··· ENTRIES SUPPLIED
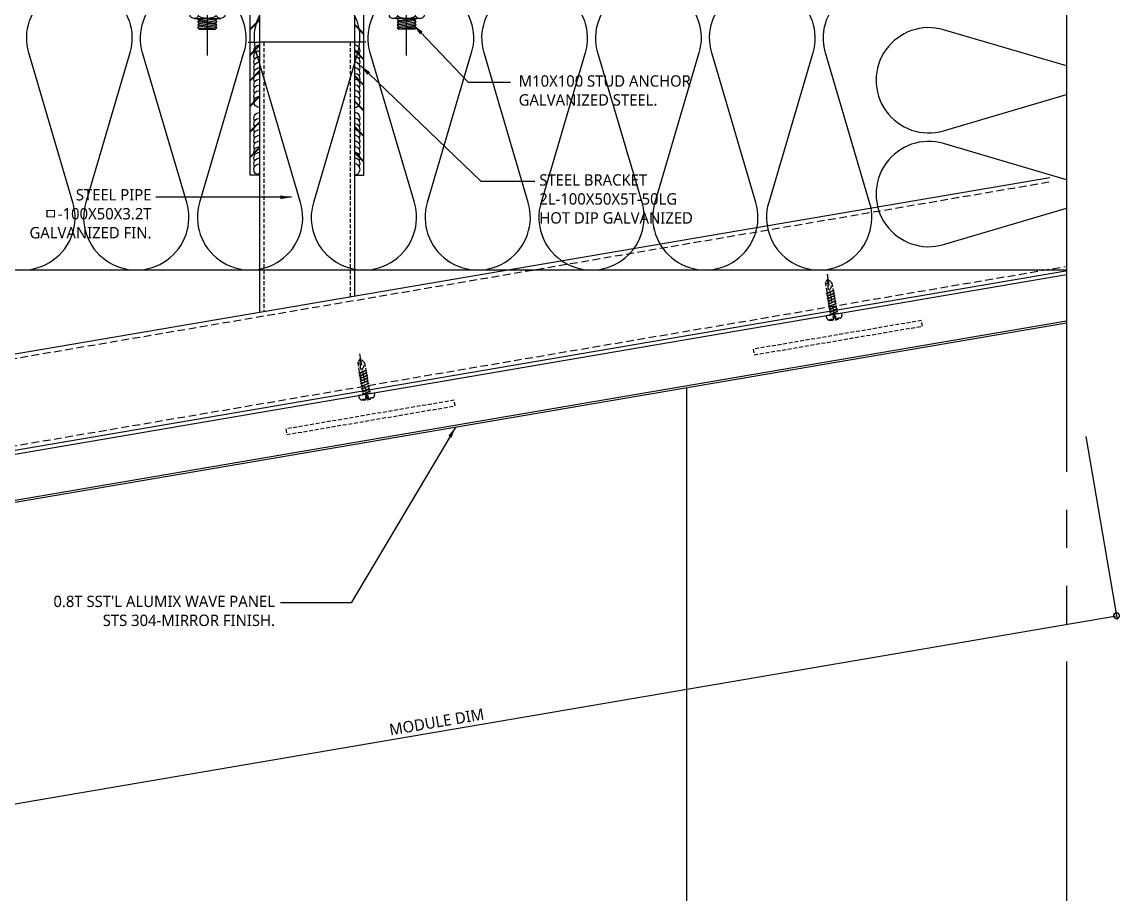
# Model space of a CAD drawing. Header units: millimetres. Extents: x 3584 to 9537, y 842 to 7828.
# Drawn here: x 6539 to 7118, y 4531 to 4991 of the extents above; entities that cross this region are included whole.
import ezdxf

# ---------------------------------------------------------------- set-up
doc = ezdxf.new("R2010")
doc.units = ezdxf.units.MM
doc.set_wipeout_variables(frame=1)
for name, pattern in [('CENTER', [50.8, 31.75, -6.35, 6.35, -6.35]), ('DASHED', [19.05, 12.7, -6.35]), ('HIDDEN', [3, 2, -1]), ('PHANTOM', [25, 20, -1, 1, -1, 1, -1])]:
    doc.linetypes.add(name, pattern=pattern)
doc.layers.get('DEFPOINTS').update_dxf_attribs({"color": 142, "lineweight": 30})
for name, color, linetype in [('0-DIM', 7, 'Continuous'), ('0-WELDING', 1, 'Continuous'), ('1', 1, 'Continuous'), ('2', 2, 'Continuous'), ('2-SCREW-BOLT', 2, 'Continuous'), ('3', 3, 'CENTER'), ('4', 4, 'Continuous'), ('7', 7, 'Continuous'), ('8', 8, 'Continuous'), ('CASTFIX', 1, 'Continuous'), ('EL7', 8, 'Continuous'), ('MRK1', 3, 'Continuous'), ('Net truc', 31, 'CENTER'), ('TEXT', 7, 'Continuous'), ('xref_section$0$INSUL', 8, 'Continuous')]:
    doc.layers.add(name, color=color, linetype=linetype)
doc.layers.add('def', color=213, linetype='Continuous', plot=False)
doc.styles.add('맑은고딕', font='malgun.ttf')
doc.dimstyles.new('HD-2', dxfattribs={"dimscale": 2, "dimtxt": 3, "dimasz": 3, "dimexe": 1, "dimexo": 3, "dimgap": 1, "dimtad": 1, "dimdec": 1, "dimzin": 12, "dimdsep": 46, "dimtxsty": '맑은고딕', "dimblk": 'DOTSMALL', "dimcen": 1, "dimclrd": 2, "dimclre": 2, "dimclrt": 7, "dimadec": 1, "dimazin": 2, "dimtfac": 1, "dimtdec": 1, "dimtix": 1, "dimtmove": 2, "dimatfit": 3, "dimfxl": 1, "dimtolj": 1, "dimtzin": 12, "dimlwd": -1, "dimlwe": -1, "dimarcsym": 0})

# ---------------------------------------------------------------- blocks, each defined once
blk = doc.blocks.new('Set Anchor')
at = {"layer": '1'}
h = blk.add_hatch(dxfattribs=at)
h.set_pattern_fill('ANSI33', color=256, scale=10, angle=135, style=0)
h.set_pattern_definition([(180, (-2444.4873, -986.835), (-1e-15, -2.5), []), (180, (-2445.7373, -985.585), (-1e-15, -2.5), [1.25, -0.625])])
h.paths.add_polyline_path([(0, 4), (-7, 4), (-7, 0), (0, 0)])
h.paths.add_polyline_path([(7, 4), (0, 4), (0, 0), (7, 0)])
at = {"color": 1, "linetype": 'CENTER'}
blk.add_line((0, 31.93), (0, -95.78), dxfattribs=at)
for p, q in [((-20, 4), (20, 4)), ((-20, 4), (-20, 0)), ((-20, 0), (20, 0)), ((20, 4), (20, 0))]:
    blk.add_line(p, q)
at = {"layer": '1'}
blk.add_lwpolyline([(-7, 4), (7, 4), (7, 0), (-7, 0)], close=True, dxfattribs=at)
at = {"layer": '2'}
for p, q in [((-5.04, 17.31), (4.25, 18.04)), ((-5.04, 17.31), (4.25, 18.04)), ((4.25, 18.04), (-4.29, 16.55)), ((4.25, 18.04), (-4.29, 16.55)), ((-4.29, 18.02), (4.21, 18.02)), ((-4.29, 18.02), (4.21, 18.02)), ((-7, 12.4), (7, 12.4)), ((-7, 12.4), (7, 12.4)), ((-5.04, 14.29), (-4.29, 13.54)), ((-5.04, 14.29), (-4.29, 13.54)), ((-5.04, 12.79), (-4.29, 13.54)), ((-5.04, 12.79), (-4.29, 13.54)), ((-5.04, 12.79), (-4.65, 12.4)), ((-5.04, 12.79), (-4.65, 12.4)), ((5, 17.29), (-5, 15.83)), ((5, 17.29), (-5, 15.83)), ((5, 15.79), (-5, 14.26)), ((5, 15.79), (-5, 14.26)), ((-5, 12.76), (5, 14.29)), ((-5, 12.76), (5, 14.29)), ((4.25, 16.54), (-4.29, 15.05)), ((4.25, 16.54), (-4.29, 15.05)), ((-4.29, 13.54), (4.25, 15.04)), ((-4.29, 13.54), (4.25, 15.04)), ((4.25, 13.54), (-2.22, 12.4)), ((4.25, 13.54), (-2.22, 12.4)), ((1.6, 12.26), (5, 12.78)), ((1.6, 12.26), (5, 12.78)), ((4.25, 13.54), (5, 14.29)), ((4.25, 13.54), (5, 14.29)), ((4.25, 13.54), (5, 12.78)), ((4.25, 13.54), (5, 12.78)), ((4.62, 12.4), (5, 12.78)), ((4.62, 12.4), (5, 12.78)), ((10.12, 6), (-10.12, 6)), ((-10.12, 6), (-10.12, 4)), ((-9.21, 7.11), (-9.21, 11.3)), ((-9.21, 7.11), (-9.21, 11.3)), ((-4.67, 11.13), (-4.67, 7.27)), ((-4.67, 11.13), (-4.67, 7.27)), ((4.67, 11.13), (4.67, 7.27)), ((4.67, 11.13), (4.67, 7.27)), ((9.21, 7.11), (9.21, 11.3)), ((9.21, 7.11), (9.21, 11.3)), ((10.12, 6), (10.12, 4)), ((-5.04, 0.66), (-5.04, 0.66)), ((-5.04, 0.66), (-5.04, 0.66)), ((4.54, 0), (-5.04, -1.5)), ((4.54, 0), (-5.04, -1.5)), ((-4.29, -0.75), (-0.21, 0)), ((-4.29, -0.75), (-0.21, 0)), ((4.25, -0.67), (4.93, 0)), ((4.25, -0.67), (4.93, 0)), ((-5.04, 0), (-4.29, -0.75)), ((-5.04, 0), (-4.29, -0.75)), ((-5.04, -1.5), (-4.29, -0.75)), ((-5.04, -1.5), (-4.29, -0.75)), ((-5.04, -1.5), (-4.29, -2.25)), ((-5.04, -1.5), (-4.29, -2.25)), ((-5.04, -3), (-4.29, -2.25)), ((-5.04, -3), (-4.29, -2.25)), ((-5.04, -3), (-4.29, -3.75)), ((-5.04, -4.5), (-4.29, -3.75)), ((-5.04, -4.5), (-4.29, -5.25)), ((-5.04, -6), (-4.29, -5.25)), ((5, -1.42), (-5, -2.99)), ((5, -1.42), (-5, -2.99)), ((5, -2.93), (-5, -4.49)), ((5, -2.93), (-5, -4.49)), ((5, -4.43), (-5, -5.99)), ((5, -4.43), (-5, -5.99)), ((-4.29, -2.25), (4.25, -0.67)), ((-4.29, -2.25), (4.25, -0.67)), ((-4.29, -3.75), (4.25, -2.18)), ((-4.29, -5.25), (4.25, -3.68)), ((-4.29, -6.75), (4.25, -5.18)), ((4.25, -0.67), (5, -1.42)), ((4.25, -0.67), (5, -1.42)), ((4.25, -2.18), (5, -1.42)), ((4.25, -2.18), (5, -1.42)), ((4.25, -2.18), (5, -2.93)), ((4.25, -2.18), (5, -2.93)), ((4.25, -3.68), (5, -2.93)), ((4.25, -3.68), (5, -2.93)), ((4.25, -3.68), (5, -4.43)), ((4.25, -3.68), (5, -4.43)), ((4.25, -5.18), (5, -4.43)), ((4.25, -5.18), (5, -4.43)), ((4.25, -5.18), (5, -5.93)), ((4.25, -5.18), (5, -5.93)), ((-5.04, -6), (-4.29, -6.75)), ((-5.04, -7.51), (-4.29, -6.75)), ((-5.04, -7.51), (-4.29, -8.26)), ((-5.04, -9.01), (-4.29, -8.26)), ((-5.04, -9.01), (-4.29, -9.76)), ((-5.04, -10.51), (-4.29, -9.76)), ((-5.04, -10.51), (-4.29, -11.26)), ((5, -5.93), (-5, -7.49)), ((5, -5.93), (-5, -7.49)), ((5, -7.43), (-5, -8.99)), ((5, -7.43), (-5, -8.99)), ((5, -8.93), (-5, -10.5)), ((5, -8.93), (-5, -10.5)), ((5, -10.43), (-5, -11.93)), ((-5, -11.93), (-4.29, -11.26)), ((-4.29, -8.26), (4.25, -6.68)), ((-4.29, -9.76), (4.25, -8.18)), ((-4.29, -11.26), (4.25, -9.68)), ((0.66, -11.93), (4.25, -11.18)), ((4.25, -6.68), (5, -5.93)), ((4.25, -6.68), (5, -5.93)), ((4.25, -6.68), (5, -7.43)), ((4.25, -6.68), (5, -7.43)), ((4.25, -8.18), (5, -7.43)), ((4.25, -8.18), (5, -7.43)), ((4.25, -8.18), (5, -8.93)), ((4.25, -8.18), (5, -8.93)), ((4.25, -9.68), (5, -8.93)), ((4.25, -9.68), (5, -8.93)), ((4.25, -9.68), (5, -10.43)), ((4.25, -9.68), (5, -10.43)), ((4.25, -11.18), (5, -10.43)), ((4.25, -11.18), (5, -10.43)), ((4.25, -11.18), (5, -11.93)), ((4.25, -11.18), (5, -11.93)), ((-5, -11.93), (-5, -56.84)), ((-5, -11.93), (-5, -56.84)), ((5, -11.93), (-5, -11.93)), ((-4.8, -11.93), (-4.8, -51.72)), ((-4.8, -11.93), (-4.8, -51.72)), ((-4.51, -11.93), (-4.51, -51.72)), ((-4.51, -11.93), (-4.51, -51.72)), ((-4.24, -11.93), (-4.24, -51.72)), ((-4.24, -11.93), (-4.24, -51.72)), ((-3.19, -11.93), (-3.19, -51.72)), ((-3.19, -11.93), (-3.19, -51.72)), ((3.34, -11.93), (3.34, -56.84)), ((4.24, -11.93), (4.24, -51.72)), ((4.24, -11.93), (4.24, -51.72)), ((4.51, -11.93), (4.51, -51.72)), ((4.51, -11.93), (4.51, -51.72)), ((4.8, -11.93), (4.8, -51.72)), ((4.8, -11.93), (4.8, -51.72)), ((5, -11.93), (5, -56.84)), ((5, -11.93), (5, -56.84)), ((-4.5, -51.98), (0, -51.98)), ((-4.5, -51.98), (0, -51.98)), ((-4.5, -56.78), (-4.5, -51.98)), ((-4.5, -56.78), (-4.5, -51.98)), ((4.5, -51.98), (0, -51.98)), ((4.5, -51.98), (0, -51.98)), ((4.5, -56.78), (4.5, -51.98)), ((4.5, -56.78), (4.5, -51.98)), ((-6.85, -72.56), (-5.28, -56.79)), ((-6.85, -72.56), (-5.28, -56.79)), ((-5.28, -56.79), (0, -56.79)), ((-5.28, -56.79), (0, -56.79)), ((5.28, -56.79), (0, -56.79)), ((5.28, -56.79), (0, -56.79)), ((6.85, -72.56), (5.28, -56.79)), ((6.85, -72.56), (5.28, -56.79)), ((-6.85, -72.56), (0, -72.56)), ((-6.85, -72.56), (0, -72.56)), ((-5.01, -75.06), (0.08, -75.06)), ((-5.01, -75.06), (0.08, -75.06)), ((-5, -72.56), (-5, -79.95)), ((-5, -72.56), (-5, -79.95)), ((5.01, -75.06), (-0.08, -75.06)), ((5.01, -75.06), (-0.08, -75.06)), ((1.55, -72.56), (0, -72.56)), ((1.55, -72.56), (0, -72.56)), ((6.85, -72.56), (3.59, -72.56)), ((6.85, -72.56), (3.59, -72.56)), ((5, -72.56), (5, -79.95)), ((5, -72.56), (5, -79.95)), ((-5, -76.27), (0, -76.27)), ((-5, -76.27), (0, -76.27)), ((-5, -79.95), (0, -82.62)), ((-5, -79.95), (0, -82.62)), ((-5, -79.95), (0, -79.95)), ((-5, -79.95), (0, -79.95)), ((5, -76.27), (0, -76.27)), ((5, -76.27), (0, -76.27)), ((5, -79.95), (0, -82.62)), ((5, -79.95), (0, -82.62)), ((5, -79.95), (0, -79.95)), ((5, -79.95), (0, -79.95))]:
    blk.add_line(p, q, dxfattribs=at)
at = {"layer": '2', "linetype": 'DASHED'}
for p, q in [((-5.04, 17.27), (-4.29, 18.02)), ((-5.04, 17.27), (-4.29, 18.02)), ((4.25, 18.04), (5, 17.29)), ((4.25, 18.04), (5, 17.29)), ((-5.04, 17.31), (-4.29, 16.56)), ((-5.04, 17.31), (-4.29, 16.56)), ((-5.04, 15.8), (-4.29, 16.55)), ((-5.04, 15.8), (-4.29, 16.55)), ((-5.04, 15.8), (-4.29, 15.05)), ((-5.04, 15.8), (-4.29, 15.05)), ((-5.04, 14.29), (-4.29, 15.05)), ((-5.04, 14.29), (-4.29, 15.05)), ((4.25, 16.54), (5, 17.29)), ((4.25, 16.54), (5, 17.29)), ((4.25, 16.54), (5, 15.79)), ((4.25, 16.54), (5, 15.79)), ((4.25, 15.04), (5, 15.79)), ((4.25, 15.04), (5, 15.79)), ((4.25, 15.04), (5, 14.29)), ((4.25, 15.04), (5, 14.29))]:
    blk.add_line(p, q, dxfattribs=at)
at = {"layer": '2'}
for points in [[(-1.56, -56.79), (-2.1, -57.77), (-2.32, -58.88), (-2.27, -59.81), (-1.92, -60.43), (-1.25, -60.92), (-0.1, -61.01), (0.39, -60.88), (1.01, -60.66), (1.59, -60.43), (2.12, -60.48), (2.52, -60.7), (2.75, -61.23), (2.88, -61.77), (2.88, -62.16), (2.79, -62.69), (2.35, -63.32), (1.45, -63.81), (0.57, -64.25), (-0.14, -64.66), (-0.81, -65.01), (-1.25, -65.41), (-1.7, -65.94), (-2.1, -66.69), (-2.45, -67.58), (-2.54, -68.38), (-2.45, -69.01), (-1.87, -69.72), (-0.54, -70.33), (0.35, -70.29), (1.37, -70.37), (1.95, -70.6), (2.08, -70.92), (2.17, -71.4), (2.17, -71.71), (2.21, -71.98), (2.08, -72.24), (1.9, -72.34), (1.5, -72.56)], [(-1.56, -56.79), (-2.1, -57.77), (-2.32, -58.88), (-2.27, -59.81), (-1.92, -60.43), (-1.25, -60.92), (-0.1, -61.01), (0.39, -60.88), (1.01, -60.66), (1.59, -60.43), (2.12, -60.48), (2.52, -60.7), (2.75, -61.23), (2.88, -61.77), (2.88, -62.16), (2.79, -62.69), (2.35, -63.32), (1.45, -63.81), (0.57, -64.25), (-0.14, -64.66), (-0.81, -65.01), (-1.25, -65.41), (-1.7, -65.94), (-2.1, -66.69), (-2.45, -67.58), (-2.54, -68.38), (-2.45, -69.01), (-1.87, -69.72), (-0.54, -70.33), (0.35, -70.29), (1.37, -70.37), (1.95, -70.6), (2.08, -70.92), (2.17, -71.4), (2.17, -71.71), (2.21, -71.98), (2.08, -72.24), (1.9, -72.34), (1.5, -72.56)], [(-1.47, -56.79), (-1.87, -57.69), (-2.14, -59.01), (-2.01, -59.95), (-1.61, -60.43), (-0.99, -60.74), (-0.27, -60.74), (0.57, -60.57), (1.45, -60.21), (2.43, -60.21), (2.92, -60.88), (3.15, -61.59), (3.1, -62.79), (2.61, -63.5), (1.99, -63.85), (0.61, -64.56), (-0.23, -65.09), (-1.03, -65.94), (-1.7, -67), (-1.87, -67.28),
······
*EXERCISE DESCRIPTION:*
Whenever a line of the records holds the string "blocks", pick it out and copy it.

*PROBLEM SOLUTION:*
# ---------------------------------------------------------------- blocks, each defined once
blk = doc.blocks.new('Set Anchor')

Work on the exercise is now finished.